Compulsory is a strange word, but I used it for lack of a better one.  

Proto-Indo-European had a vocative case and some languages inherited this case.  (I don't really know if all inherited it or developed it later, but anyway)

1. In languages in which a vocative case exists, is the use of the vocative in "vocative" situations the only grammatical possibility? 
1B. Would using nominative in such a scenario, such as calling someone's name, be considered ungrammatical?  To use Serbo-Croatian as an example - calling Marija "Marija!" instead of "Marijo!" 

Serbo-Croatian has some exceptions for vocative in which nominative may be used (mama, teta, tata) or some male names with certain endings (Luka, Marko, Ivo), but that's not what I mean.   

I mean, are there (IE) languages in which the use of the vocative case is optional and the use of nominative acceptable?

Are there languages in which vocative exists but is used in a restricted sense, such as in really big, grandiose, epic usage?  For example, "Ivan, pass me the salt" would keep Ivan in nominative, but "Ivane! Our hero!"  "My country!  It's a shame I have but one life to give to thee!" would use the vocative.    So in these languages vocative does exist, but it is not used to call people to attention, but to address them.

Are there languages that would use vocative to call someone (hey, neighbor! Long time!) to catch their attention or to address them for the first time, but use nominative when addressing them again in the middle of the conversation "The problem here, David, is that we did not take these figures into consideration..."  

Are there languages that make exceptions for proper names, surnames, place names, etc?

Are there languages in which vocative is only used in familiar T-forms (tu, ty) but not in V-forms (vous, vy)?

---

The only examples I know are Kurdish, which has vocative but is not obligatory, and Polish, which, according to Wikipedia uses vocative in certain cases (addressing someone's title: "doktorze!," after adjectives, demonstrative and possessive pronouns: "moja droga Basiu!" (my dear Basia), to address someone in an offensive manner "Spadaj, idioto!" (get lost, idiot), after "ty" (you) - ty kłamczuchu (you liar) and in affectionate uses.

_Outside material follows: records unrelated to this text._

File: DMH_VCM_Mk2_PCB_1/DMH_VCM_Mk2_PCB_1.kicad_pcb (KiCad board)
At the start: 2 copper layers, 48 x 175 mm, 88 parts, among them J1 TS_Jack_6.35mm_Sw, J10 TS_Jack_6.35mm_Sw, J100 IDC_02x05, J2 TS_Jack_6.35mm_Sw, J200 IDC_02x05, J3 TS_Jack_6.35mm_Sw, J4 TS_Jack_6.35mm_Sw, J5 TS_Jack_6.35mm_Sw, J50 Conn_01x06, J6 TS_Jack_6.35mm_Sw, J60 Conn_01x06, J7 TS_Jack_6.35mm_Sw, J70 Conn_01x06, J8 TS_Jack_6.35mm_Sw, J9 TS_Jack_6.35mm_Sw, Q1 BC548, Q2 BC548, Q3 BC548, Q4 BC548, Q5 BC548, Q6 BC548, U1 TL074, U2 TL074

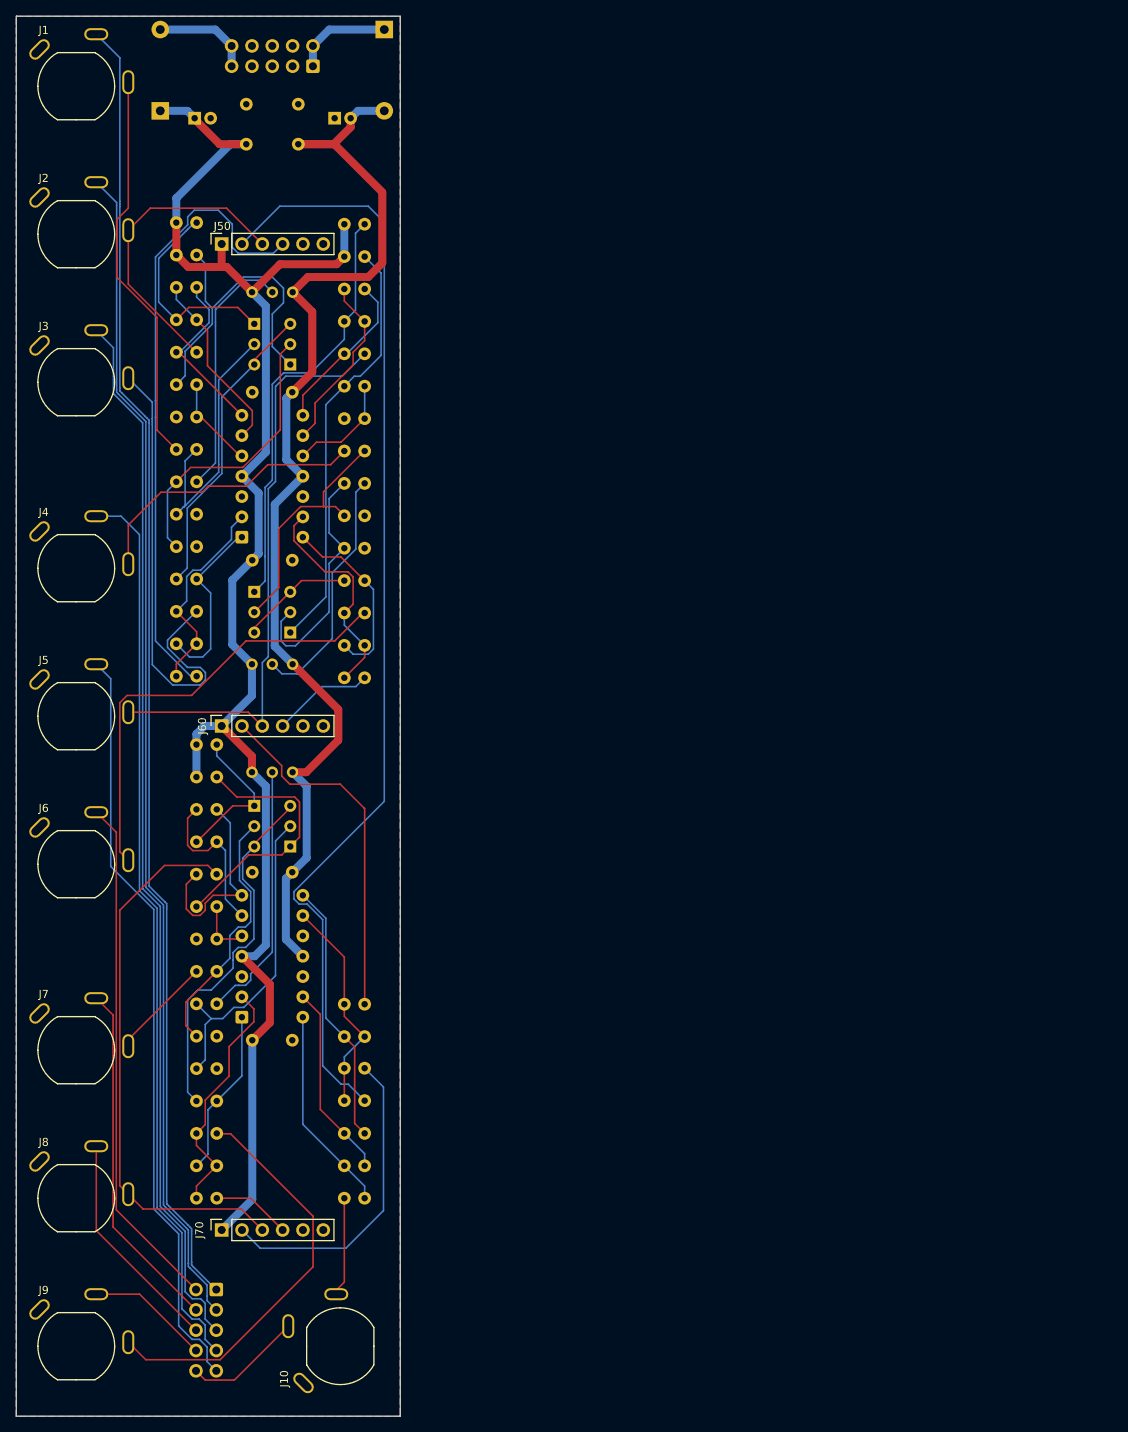
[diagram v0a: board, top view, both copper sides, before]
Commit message: PCB 1 placement in progress
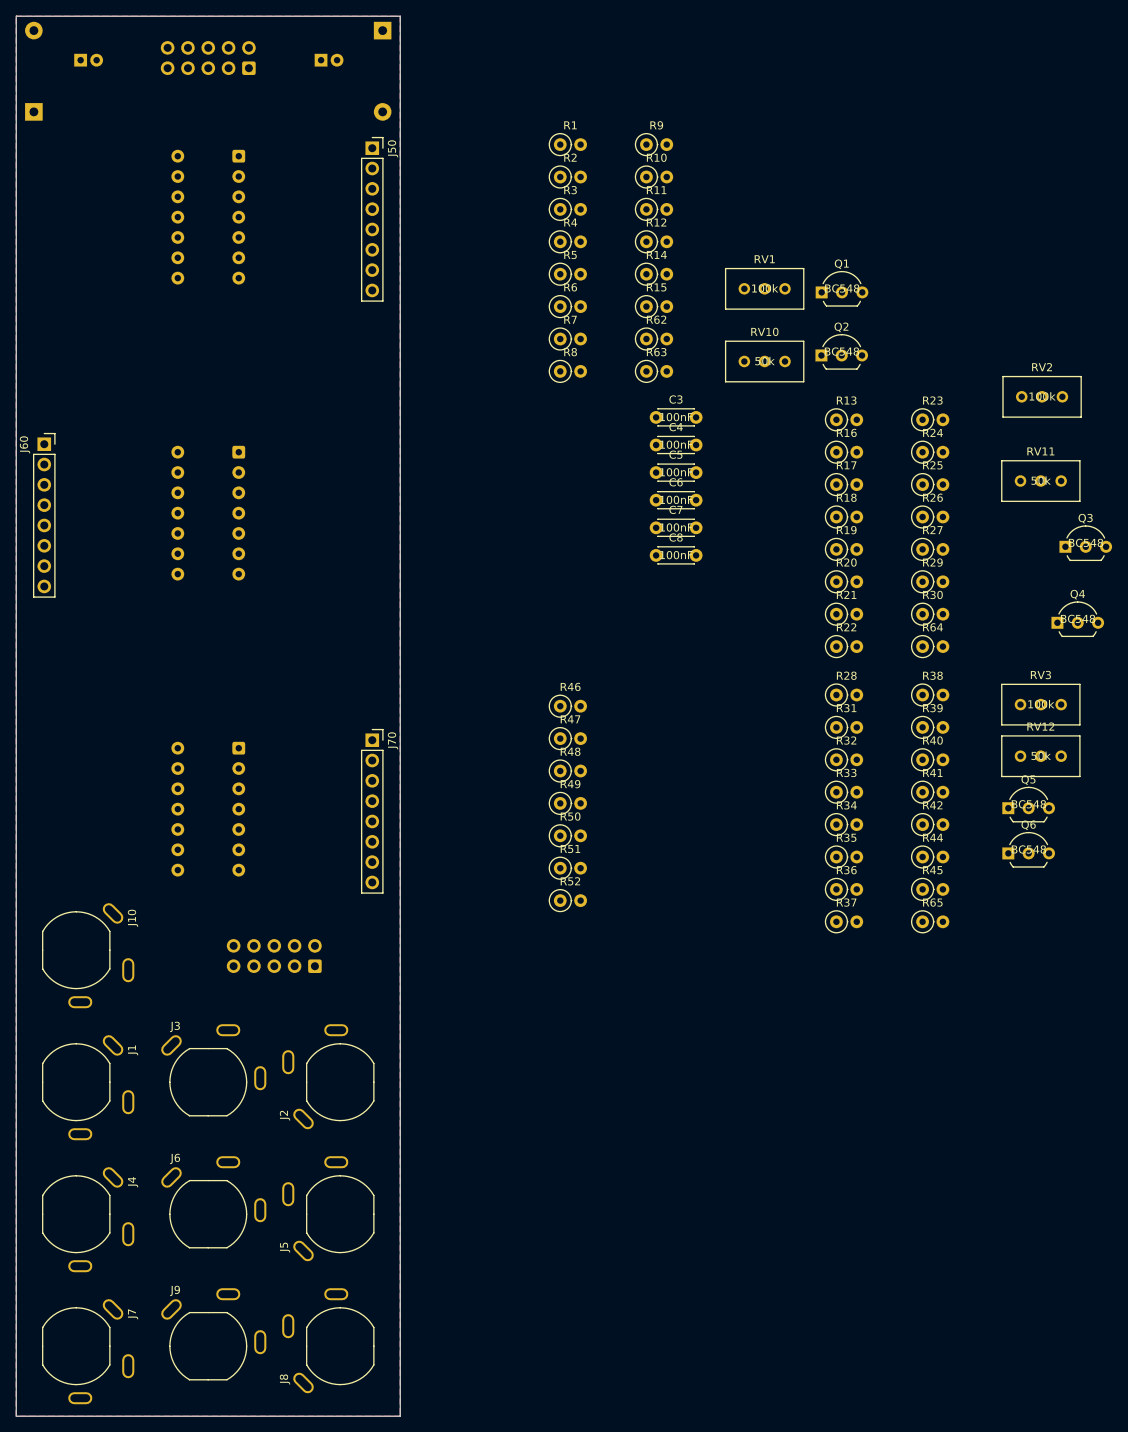
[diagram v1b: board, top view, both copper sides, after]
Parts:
- removed R43: 100k, Resistor_THT:R_Axial_DIN0207_L6.3mm_D2.5mm_P2.54mm_Vertical
- added R62: 33k, Resistor_THT:R_Axial_DIN0207_L6.3mm_D2.5mm_P2.54mm_Vertical, F.Cu at (129.8, 82.8)
- added R63: 100k, Resistor_THT:R_Axial_DIN0207_L6.3mm_D2.5mm_P2.54mm_Vertical, F.Cu at (129.8, 86.9)
- added R64: 100k, Resistor_THT:R_Axial_DIN0207_L6.3mm_D2.5mm_P2.54mm_Vertical, F.Cu at (164.3, 121.3)
- added R65: 100k, Resistor_THT:R_Axial_DIN0207_L6.3mm_D2.5mm_P2.54mm_Vertical, F.Cu at (164.3, 155.7)
- added RV10: 50k, Potentiometer_THT:Potentiometer_Bourns_3296W_Vertical, F.Cu at (147.1, 85.7)
- added RV11: 50k, Potentiometer_THT:Potentiometer_Bourns_3296W_Vertical, F.Cu at (181.6, 100.6)
- added RV12: 50k, Potentiometer_THT:Potentiometer_Bourns_3296W_Vertical, F.Cu at (181.6, 135.0)
- added U3: TL074, Package_DIP:DIP-14_W7.62mm_Socket, B.Cu at (78.8, 134.0)
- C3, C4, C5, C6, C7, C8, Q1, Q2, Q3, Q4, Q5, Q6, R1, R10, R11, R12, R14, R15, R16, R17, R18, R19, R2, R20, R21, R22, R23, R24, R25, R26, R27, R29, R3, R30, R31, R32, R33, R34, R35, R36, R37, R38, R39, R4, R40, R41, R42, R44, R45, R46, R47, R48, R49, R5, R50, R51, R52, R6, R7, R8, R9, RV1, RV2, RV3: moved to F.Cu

But, Polish can use both vocative and nominative for "Annie, come here" - "Ania, chodź tu!" and "Aniu, chodź tu!" 

So Polish has vocative, but it is not obligatory in every single case.  The exceptions are usage-based, not because of awkwardness of the inflection (Luka, Marko in BCS).

Are there other languages that have a non-universal vocative?


----------



## Ben Jamin

I can give you some information about Polish.
1. The use of category "compulsory" or "obligatory" has not much sense in the case of the Polish vocative case. We can only speak about usage that can vary, depending on the register of speech, situation, and context.
2. The vocative case in Polish is in the stage of regression, that is it will disappear in future, even if nobody knows when. I suppose that this prosess started somewhere in the XIX century, even if the cases of using nominative instead of vocative might have ocurred earlier.
3. The use of vocative is regarded as a good usage in the "higher" registers of speech (oral and literature).
4. The use of vocative may be regarded as too "elevated" and avoided by some people in colloquial speech, especially among children, young people, people with little education, tough guys.
5. The vocative causes trouble for bureaucrats, because they often don't know how and when to use it.
6.The examples you quote are quite correct, even if I would be careful with too much generalizing.
I would add that adressing people formally with "Panie" is always followed by a name or a title in vocative:
panie dyrektorze!, panie Stanisławie!, panie kolego!. This applies also to feminine adressees, but only if their title has a feminine form (pani kierowniczko!), but if the feminine form does not exist (like prezydent) or is avoided (like dyrektorka) a nominative form is used: pani prezydent!, pani dyrektor!. However, using a masculine title in nominative after "panie" can be perceived as derogatory or uneducated.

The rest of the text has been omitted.